Across the state, Walker said, ICUs are around 80 percent capacity, compared with a pre-pandemic average occupancy of 67 percent, and currently only about one-third of occupancy is attributable to covid-19.
Steve Motew, a physician and chief of clinical enterprise for Inova Health System, which includes five hospitals in Northern Virginia, said the health system is “very busy,” but in recent days there have been between 70 to 80 covid-19 patients, up from 60 to 70 two weeks ago. They are mostly unvaccinated, he added.
“We’ve seen a very, very slow increase. If we can continue our acceleration of general vaccination, I’m hoping we can stay ahead of it,” he said.
Deferred care, behavioral-health needs and the pipeline of care — from a physical to a screening to a specialist visit — can take a long time, he said. The return to school and sports injuries are also adding to the demand, Motew said.
Inova has not considered pausing elective surgery, as two of Maryland’s largest hospitals did Monday, citing a rise in coronavirus hospitalization rates following a late-August increase in cases.
Anne Arundel Medical Center in Annapolis paused some elective surgeries starting Monday to free up beds as the delta variant spreads throughout the region. And TidalHealth Peninsula Regional, which is the Eastern Shore’s largest hospital, decided to pause elective surgeries that require an overnight stay for at least two weeks, starting Monday.

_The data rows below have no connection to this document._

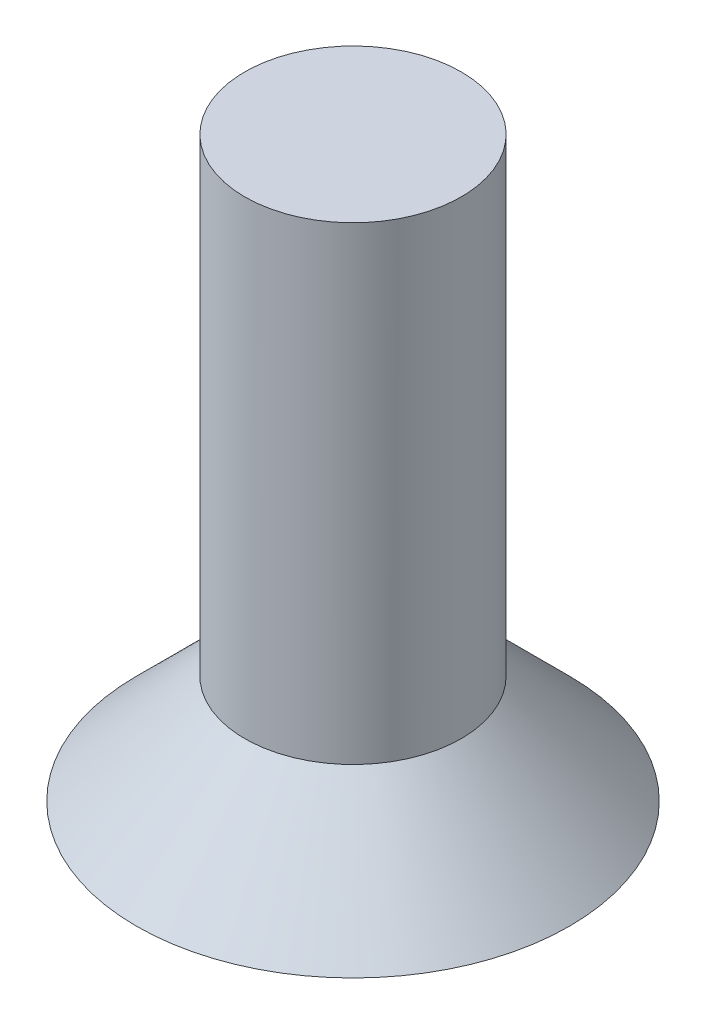
ISO-10303-21;
HEADER;
FILE_DESCRIPTION(('STEP AP214'),'2;1');
FILE_NAME('part.step','',(''),(''),'','','');
FILE_SCHEMA(('AUTOMOTIVE_DESIGN { 1 0 10303 214 1 1 1 1 }'));
ENDSEC;
DATA;
#1=APPLICATION_CONTEXT('core data for automotive mechanical design processes');
#2=APPLICATION_PROTOCOL_DEFINITION('international standard','automotive_design',2000,#1);
#3=PRODUCT_CONTEXT('',#1,'mechanical');
#4=PRODUCT('Part','Part','',(#3));
#5=PRODUCT_RELATED_PRODUCT_CATEGORY('part','',(#4));
#6=PRODUCT_DEFINITION_FORMATION('','',#4);
#7=PRODUCT_DEFINITION_CONTEXT('part definition',#1,'design');
#8=PRODUCT_DEFINITION('design','',#6,#7);
#9=PRODUCT_DEFINITION_SHAPE('','',#8);
#10=(LENGTH_UNIT() NAMED_UNIT(*) SI_UNIT(.MILLI.,.METRE.));
#11=(NAMED_UNIT(*) PLANE_ANGLE_UNIT() SI_UNIT($,.RADIAN.));
#12=(NAMED_UNIT(*) SI_UNIT($,.STERADIAN.) SOLID_ANGLE_UNIT());
#13=UNCERTAINTY_MEASURE_WITH_UNIT(LENGTH_MEASURE(1.E-05),#10,'distance_accuracy_value','');
#14=(GEOMETRIC_REPRESENTATION_CONTEXT(3) GLOBAL_UNCERTAINTY_ASSIGNED_CONTEXT((#13)) GLOBAL_UNIT_ASSIGNED_CONTEXT((#10,
#11,#12)) REPRESENTATION_CONTEXT('',''));
#15=CARTESIAN_POINT('',(0.,0.,0.));
#16=DIRECTION('',(0.,0.,1.));
#17=DIRECTION('',(1.,0.,0.));
#18=AXIS2_PLACEMENT_3D('',#15,#16,#17);
#19=CARTESIAN_POINT('',(0.,0.,0.));
#20=DIRECTION('',(0.,1.,0.));
#21=DIRECTION('',(0.,0.,1.));
#22=AXIS2_PLACEMENT_3D('',#19,#20,#21);
#23=PLANE('',#22);
#24=DIRECTION('',(0.0982131275601408,0.,0.995165404128809));
#25=VECTOR('',#24,1.);
#26=CARTESIAN_POINT('',(1.25119191093859,0.,-0.896964433103515));
#27=LINE('',#26,#25);
#28=CARTESIAN_POINT('',(1.25119191093859,0.,-0.896964433103515));
#29=VERTEX_POINT('',#28);
#30=CARTESIAN_POINT('',(1.40238994082805,0.,0.635081763330662));
#31=VERTEX_POINT('',#30);
#32=EDGE_CURVE('E125',#29,#31,#27,.T.);
#33=ORIENTED_EDGE('',*,*,#32,.F.);
#34=DIRECTION('',(0.910945084723026,0.,0.412527638612201));
#35=VECTOR('',#34,1.);
#36=CARTESIAN_POINT('',(-0.151198029889454,0.,-1.53204619643418));
#37=LINE('',#36,#35);
#38=CARTESIAN_POINT('',(-0.151198029889454,0.,-1.53204619643418));
#39=VERTEX_POINT('',#38);
#40=EDGE_CURVE('E51',#39,#29,#37,.T.);
#41=ORIENTED_EDGE('',*,*,#40,.F.);
#42=DIRECTION('',(0.812731957162885,0.,-0.582637765516608));
#43=VECTOR('',#42,1.);
#44=CARTESIAN_POINT('',(-1.40238994082805,0.,-0.635081763330661));
#45=LINE('',#44,#43);
#46=CARTESIAN_POINT('',(-1.40238994082805,0.,-0.635081763330661));
#47=VERTEX_POINT('',#46);
#48=EDGE_CURVE('E134',#47,#39,#45,.T.);
#49=ORIENTED_EDGE('',*,*,#48,.F.);
#50=DIRECTION('',(-0.098213127560141,0.,-0.995165404128809));
#51=VECTOR('',#50,1.);
#52=CARTESIAN_POINT('',(-1.25119191093859,0.,0.896964433103515));
#53=LINE('',#52,#51);
#54=CARTESIAN_POINT('',(-1.25119191093859,0.,0.896964433103515));
#55=VERTEX_POINT('',#54);
#56=EDGE_CURVE('E132',#55,#47,#53,.T.);
#57=ORIENTED_EDGE('',*,*,#56,.F.);
#58=DIRECTION('',(-0.910945084723026,0.,-0.412527638612201));
#59=VECTOR('',#58,1.);
#60=CARTESIAN_POINT('',(0.151198029889454,0.,1.53204619643418));
#61=LINE('',#60,#59);
#62=CARTESIAN_POINT('',(0.151198029889454,0.,1.53204619643418));
#63=VERTEX_POINT('',#62);
#64=EDGE_CURVE('E99',#63,#55,#61,.T.);
#65=ORIENTED_EDGE('',*,*,#64,.F.);
#66=DIRECTION('',(-0.812731957162885,0.,0.582637765516608));
#67=VECTOR('',#66,1.);
#68=CARTESIAN_POINT('',(1.40238994082805,0.,0.635081763330662));
#69=LINE('',#68,#67);
#70=EDGE_CURVE('E128',#31,#63,#69,.T.);
#71=ORIENTED_EDGE('',*,*,#70,.F.);
#72=EDGE_LOOP('',(#33,#41,#49,#57,#65,#71));
#73=FACE_BOUND('',#72,.T.);
#74=CARTESIAN_POINT('',(0.,0.,0.));
#75=DIRECTION('',(0.,1.,0.));
#76=DIRECTION('',(0.,0.,1.));
#77=AXIS2_PLACEMENT_3D('',#74,#75,#76);
#78=CIRCLE('',#77,3.);
#79=CARTESIAN_POINT('',(0.,0.,3.));
#80=VERTEX_POINT('',#79);
#81=EDGE_CURVE('E44',#80,#80,#78,.T.);
#82=ORIENTED_EDGE('',*,*,#81,.F.);
#83=EDGE_LOOP('',(#82));
#84=FACE_BOUND('',#83,.T.);
#85=ADVANCED_FACE('F35',(#73,#84),#23,.F.);
#86=CARTESIAN_POINT('',(0.,8.,0.));
#87=DIRECTION('',(0.,-1.,0.));
#88=DIRECTION('',(0.,0.,-1.));
#89=AXIS2_PLACEMENT_3D('',#86,#87,#88);
#90=CYLINDRICAL_SURFACE('',#89,1.5);
#91=CARTESIAN_POINT('',(0.,1.49999999999997,0.));
#92=DIRECTION('',(0.,-1.,0.));
#93=DIRECTION('',(0.,0.,-1.));
#94=AXIS2_PLACEMENT_3D('',#91,#92,#93);
#95=CIRCLE('',#94,1.5);
#96=CARTESIAN_POINT('',(0.,1.49999999999997,-1.5));
#97=VERTEX_POINT('',#96);
#98=EDGE_CURVE('E11',#97,#97,#95,.F.);
#99=ORIENTED_EDGE('',*,*,#98,.T.);
#100=EDGE_LOOP('',(#99));
#101=FACE_BOUND('',#100,.T.);
#102=CARTESIAN_POINT('',(0.,8.,0.));
#103=DIRECTION('',(0.,1.,0.));
#104=DIRECTION('',(0.,0.,1.));
#105=AXIS2_PLACEMENT_3D('',#102,#103,#104);
#106=CIRCLE('',#105,1.5);
#107=CARTESIAN_POINT('',(0.,8.,1.5));
#108=VERTEX_POINT('',#107);
#109=EDGE_CURVE('E138',#108,#108,#106,.T.);
#110=ORIENTED_EDGE('',*,*,#109,.F.);
#111=EDGE_LOOP('',(#110));
#112=FACE_BOUND('',#111,.T.);
#113=ADVANCED_FACE('F151',(#101,#112),#90,.T.);
#114=CARTESIAN_POINT('',(0.,8.,0.));
#115=DIRECTION('',(0.,1.,0.));
#116=DIRECTION('',(0.,0.,1.));
#117=AXIS2_PLACEMENT_3D('',#114,#115,#116);
#118=PLANE('',#117);
#119=ORIENTED_EDGE('',*,*,#109,.T.);
#120=EDGE_LOOP('',(#119));
#121=FACE_BOUND('',#120,.T.);
#122=ADVANCED_FACE('F158',(#121),#118,.T.);
#123=CARTESIAN_POINT('',(0.,2.5,0.));
#124=DIRECTION('',(0.,-1.,0.));
#125=DIRECTION('',(0.,0.,-1.));
#126=AXIS2_PLACEMENT_3D('',#123,#124,#125);
#127=CONICAL_SURFACE('',#126,0.499999999999957,0.785398163397453);
#128=ORIENTED_EDGE('',*,*,#81,.T.);
#129=EDGE_LOOP('',(#128));
#130=FACE_BOUND('',#129,.T.);
#131=ORIENTED_EDGE('',*,*,#98,.F.);
#132=EDGE_LOOP('',(#131));
#133=FACE_BOUND('',#132,.T.);
#134=ADVANCED_FACE('F38',(#130,#133),#127,.T.);
#135=CARTESIAN_POINT('',(-0.151198029889454,1.,-1.53204619643418));
#136=DIRECTION('',(0.412527638612201,0.,-0.910945084723026));
#137=DIRECTION('',(-0.910945084723026,0.,-0.412527638612201));
#138=AXIS2_PLACEMENT_3D('',#135,#136,#137);
#139=PLANE('',#138);
#140=ORIENTED_EDGE('',*,*,#40,.T.);
#141=DIRECTION('',(0.,-1.,0.));
#142=VECTOR('',#141,1.);
#143=CARTESIAN_POINT('',(1.25119191093859,1.,-0.896964433103515));
#144=LINE('',#143,#142);
#145=CARTESIAN_POINT('',(1.25119191093859,1.,-0.896964433103515));
#146=VERTEX_POINT('',#145);
#147=EDGE_CURVE('E81',#146,#29,#144,.T.);
#148=ORIENTED_EDGE('',*,*,#147,.F.);
#149=DIRECTION('',(0.910945084723026,0.,0.412527638612201));
#150=VECTOR('',#149,1.);
#151=CARTESIAN_POINT('',(-0.151198029889454,1.,-1.53204619643418));
#152=LINE('',#151,#150);
#153=CARTESIAN_POINT('',(-0.151198029889454,1.,-1.53204619643418));
#154=VERTEX_POINT('',#153);
#155=EDGE_CURVE('E136',#154,#146,#152,.T.);
#156=ORIENTED_EDGE('',*,*,#155,.F.);
#157=DIRECTION('',(0.,-1.,0.));
#158=VECTOR('',#157,1.);
#159=CARTESIAN_POINT('',(-0.151198029889454,1.,-1.53204619643418));
#160=LINE('',#159,#158);
#161=EDGE_CURVE('E59',#154,#39,#160,.T.);
#162=ORIENTED_EDGE('',*,*,#161,.T.);
#163=EDGE_LOOP('',(#140,#148,#156,#162));
#164=FACE_BOUND('',#163,.T.);
#165=ADVANCED_FACE('F166',(#164),#139,.F.);
#166=CARTESIAN_POINT('',(-1.40238994082805,1.,-0.635081763330661));
#167=DIRECTION('',(-0.582637765516608,0.,-0.812731957162885));
#168=DIRECTION('',(-0.812731957162885,0.,0.582637765516608));
#169=AXIS2_PLACEMENT_3D('',#166,#167,#168);
#170=PLANE('',#169);
#171=ORIENTED_EDGE('',*,*,#48,.T.);
#172=ORIENTED_EDGE('',*,*,#161,.F.);
#173=DIRECTION('',(0.812731957162885,0.,-0.582637765516608));
#174=VECTOR('',#173,1.);
#175=CARTESIAN_POINT('',(-1.40238994082805,1.,-0.635081763330661));
#176=LINE('',#175,#174);
#177=CARTESIAN_POINT('',(-1.40238994082805,1.,-0.635081763330661));
#178=VERTEX_POINT('',#177);
#179=EDGE_CURVE('E111',#178,#154,#176,.T.);
#180=ORIENTED_EDGE('',*,*,#179,.F.);
#181=DIRECTION('',(0.,-1.,0.));
#182=VECTOR('',#181,1.);
#183=CARTESIAN_POINT('',(-1.40238994082805,1.,-0.635081763330661));
#184=LINE('',#183,#182);
#185=EDGE_CURVE('E103',#178,#47,#184,.T.);
#186=ORIENTED_EDGE('',*,*,#185,.T.);
#187=EDGE_LOOP('',(#171,#172,#180,#186));
#188=FACE_BOUND('',#187,.T.);
#189=ADVANCED_FACE('F169',(#188),#170,.F.);
#190=CARTESIAN_POINT('',(-1.25119191093859,1.,0.896964433103515));
#191=DIRECTION('',(-0.995165404128809,0.,0.098213127560141));
#192=DIRECTION('',(0.098213127560141,0.,0.995165404128809));
#193=AXIS2_PLACEMENT_3D('',#190,#191,#192);
#194=PLANE('',#193);
#195=ORIENTED_EDGE('',*,*,#56,.T.);
#196=ORIENTED_EDGE('',*,*,#185,.F.);
#197=DIRECTION('',(-0.098213127560141,0.,-0.995165404128809));
#198=VECTOR('',#197,1.);
#199=CARTESIAN_POINT('',(-1.25119191093859,1.,0.896964433103515));
#200=LINE('',#199,#198);
#201=CARTESIAN_POINT('',(-1.25119191093859,1.,0.896964433103515));
#202=VERTEX_POINT('',#201);
#203=EDGE_CURVE('E107',#202,#178,#200,.T.);
#204=ORIENTED_EDGE('',*,*,#203,.F.);
#205=DIRECTION('',(0.,-1.,0.));
#206=VECTOR('',#205,1.);
#207=CARTESIAN_POINT('',(-1.25119191093859,1.,0.896964433103515));
#208=LINE('',#207,#206);
#209=EDGE_CURVE('E92',#202,#55,#208,.T.);
#210=ORIENTED_EDGE('',*,*,#209,.T.);
#211=EDGE_LOOP('',(#195,#196,#204,#210));
#212=FACE_BOUND('',#211,.T.);
#213=ADVANCED_FACE('F108',(#212),#194,.F.);
#214=CARTESIAN_POINT('',(0.151198029889454,1.,1.53204619643418));
#215=DIRECTION('',(-0.412527638612201,0.,0.910945084723026));
#216=DIRECTION('',(0.910945084723026,0.,0.412527638612201));
#217=AXIS2_PLACEMENT_3D('',#214,#215,#216);
#218=PLANE('',#217);
#219=ORIENTED_EDGE('',*,*,#64,.T.);
#220=ORIENTED_EDGE('',*,*,#209,.F.);
#221=DIRECTION('',(-0.910945084723026,0.,-0.412527638612201));
#222=VECTOR('',#221,1.);
#223=CARTESIAN_POINT('',(0.151198029889454,1.,1.53204619643418));
#224=LINE('',#223,#222);
#225=CARTESIAN_POINT('',(0.151198029889454,1.,1.53204619643418));
#226=VERTEX_POINT('',#225);
#227=EDGE_CURVE('E96',#226,#202,#224,.T.);
#228=ORIENTED_EDGE('',*,*,#227,.F.);
#229=DIRECTION('',(0.,-1.,0.));
#230=VECTOR('',#229,1.);
#231=CARTESIAN_POINT('',(0.151198029889454,1.,1.53204619643418));
#232=LINE('',#231,#230);
#233=EDGE_CURVE('E104',#226,#63,#232,.T.);
#234=ORIENTED_EDGE('',*,*,#233,.T.);
#235=EDGE_LOOP('',(#219,#220,#228,#234));
#236=FACE_BOUND('',#235,.T.);
#237=ADVANCED_FACE('F94',(#236),#218,.F.);
#238=CARTESIAN_POINT('',(1.40238994082805,1.,0.635081763330662));
#239=DIRECTION('',(0.582637765516608,0.,0.812731957162885));
#240=DIRECTION('',(0.812731957162885,0.,-0.582637765516608));
#241=AXIS2_PLACEMENT_3D('',#238,#239,#240);
#242=PLANE('',#241);
#243=ORIENTED_EDGE('',*,*,#70,.T.);
#244=ORIENTED_EDGE('',*,*,#233,.F.);
#245=DIRECTION('',(-0.812731957162885,0.,0.582637765516608));
#246=VECTOR('',#245,1.);
#247=CARTESIAN_POINT('',(1.40238994082805,1.,0.635081763330662));
#248=LINE('',#247,#246);
#249=CARTESIAN_POINT('',(1.40238994082805,1.,0.635081763330662));
#250=VERTEX_POINT('',#249);
#251=EDGE_CURVE('E117',#250,#226,#248,.T.);
#252=ORIENTED_EDGE('',*,*,#251,.F.);
#253=DIRECTION('',(0.,-1.,0.));
#254=VECTOR('',#253,1.);
#255=CARTESIAN_POINT('',(1.40238994082805,1.,0.635081763330662));
#256=LINE('',#255,#254);
#257=EDGE_CURVE('E141',#250,#31,#256,.T.);
#258=ORIENTED_EDGE('',*,*,#257,.T.);
#259=EDGE_LOOP('',(#243,#244,#252,#258));
#260=FACE_BOUND('',#259,.T.);
#261=ADVANCED_FACE('F173',(#260),#242,.F.);
#262=CARTESIAN_POINT('',(1.25119191093859,1.,-0.896964433103515));
#263=DIRECTION('',(0.995165404128809,0.,-0.0982131275601408));
#264=DIRECTION('',(-0.0982131275601409,0.,-0.995165404128809));
#265=AXIS2_PLACEMENT_3D('',#262,#263,#264);
#266=PLANE('',#265);
#267=ORIENTED_EDGE('',*,*,#32,.T.);
#268=ORIENTED_EDGE('',*,*,#257,.F.);
#269=DIRECTION('',(0.0982131275601408,0.,0.995165404128809));
#270=VECTOR('',#269,1.);
#271=CARTESIAN_POINT('',(1.25119191093859,1.,-0.896964433103515));
#272=LINE('',#271,#270);
#273=EDGE_CURVE('E119',#146,#250,#272,.T.);
#274=ORIENTED_EDGE('',*,*,#273,.F.);
#275=ORIENTED_EDGE('',*,*,#147,.T.);
#276=EDGE_LOOP('',(#267,#268,#274,#275));
#277=FACE_BOUND('',#276,.T.);
#278=ADVANCED_FACE('F170',(#277),#266,.F.);
#279=CARTESIAN_POINT('',(0.,1.,0.));
#280=DIRECTION('',(0.,-1.,0.));
#281=DIRECTION('',(0.,0.,-1.));
#282=AXIS2_PLACEMENT_3D('',#279,#280,#281);
#283=PLANE('',#282);
#284=ORIENTED_EDGE('',*,*,#155,.T.);
#285=ORIENTED_EDGE('',*,*,#273,.T.);
#286=ORIENTED_EDGE('',*,*,#251,.T.);
#287=ORIENTED_EDGE('',*,*,#227,.T.);
#288=ORIENTED_EDGE('',*,*,#203,.T.);
#289=ORIENTED_EDGE('',*,*,#179,.T.);
#290=EDGE_LOOP('',(#284,#285,#286,#287,#288,#289));
#291=FACE_BOUND('',#290,.T.);
#292=ADVANCED_FACE('F114',(#291),#283,.T.);
#293=CLOSED_SHELL('',(#85,#113,#122,#134,#165,#189,#213,#237,#261,#278,#292));
#294=MANIFOLD_SOLID_BREP('B2',#293);
#295=ADVANCED_BREP_SHAPE_REPRESENTATION('',(#18,#294),#14);
#296=SHAPE_DEFINITION_REPRESENTATION(#9,#295);
ENDSEC;
END-ISO-10303-21;

The majority of the people who are getting sick enough to be hospitalized at TidalHealth Peninsula Regional, which is also facing staffing challenges, are unvaccinated, Mark Edney, the hospital’s president of medical staff, said in a news release Thursday.
“The subject of COVID vaccination has unfortunately become politicized, but there are some truths based on available community data and on current medical science that are indisputable,” Edney said.
While the District’s vaccination rates are relatively high, hospitalizations have jumped 20 percent compared with last week, with 23 people currently hospitalized with covid-19 and four people in the ICU per 100,000 residents, according to The Washington Post’s tracker.
But unlike the two hospitals in Maryland, none of the hospitals in D.C. had plans to curtail elective surgeries, said Justin Palmer, the vice president of the D.C. Hospital Association.
“I don’t believe people should be concerned about where we are,” Palmer said. “We were down to fairly low double digits in the District before, so there is an increase of covid patients, but it’s within our ability to manage them.”
Holy Cross Health, one of the largest hospital systems in Montgomery County, saw a surge in hospitalizations in late August, but the numbers have since settled, said Yancy Phillips, the chief clinical officer at Holy Cross Health.
“Part of it is that we do have a very high vaccination rate,” Phillips said.
Around 40 patients are currently hospitalized for covid-19 at the system’s two locations in Silver Spring and Germantown, compared with 210 at the pandemic’s last peak. But he did note that while hospitalization rates are manageable, the hospitals are still strained.
“I do want to emphasize that it’s not just the numbers who are here now, it’s the cumulative stress over time,” Phillips said. “There is a cumulative impact on nurses and doctors, respiratory therapists, laboratory people — and we’re feeling it.”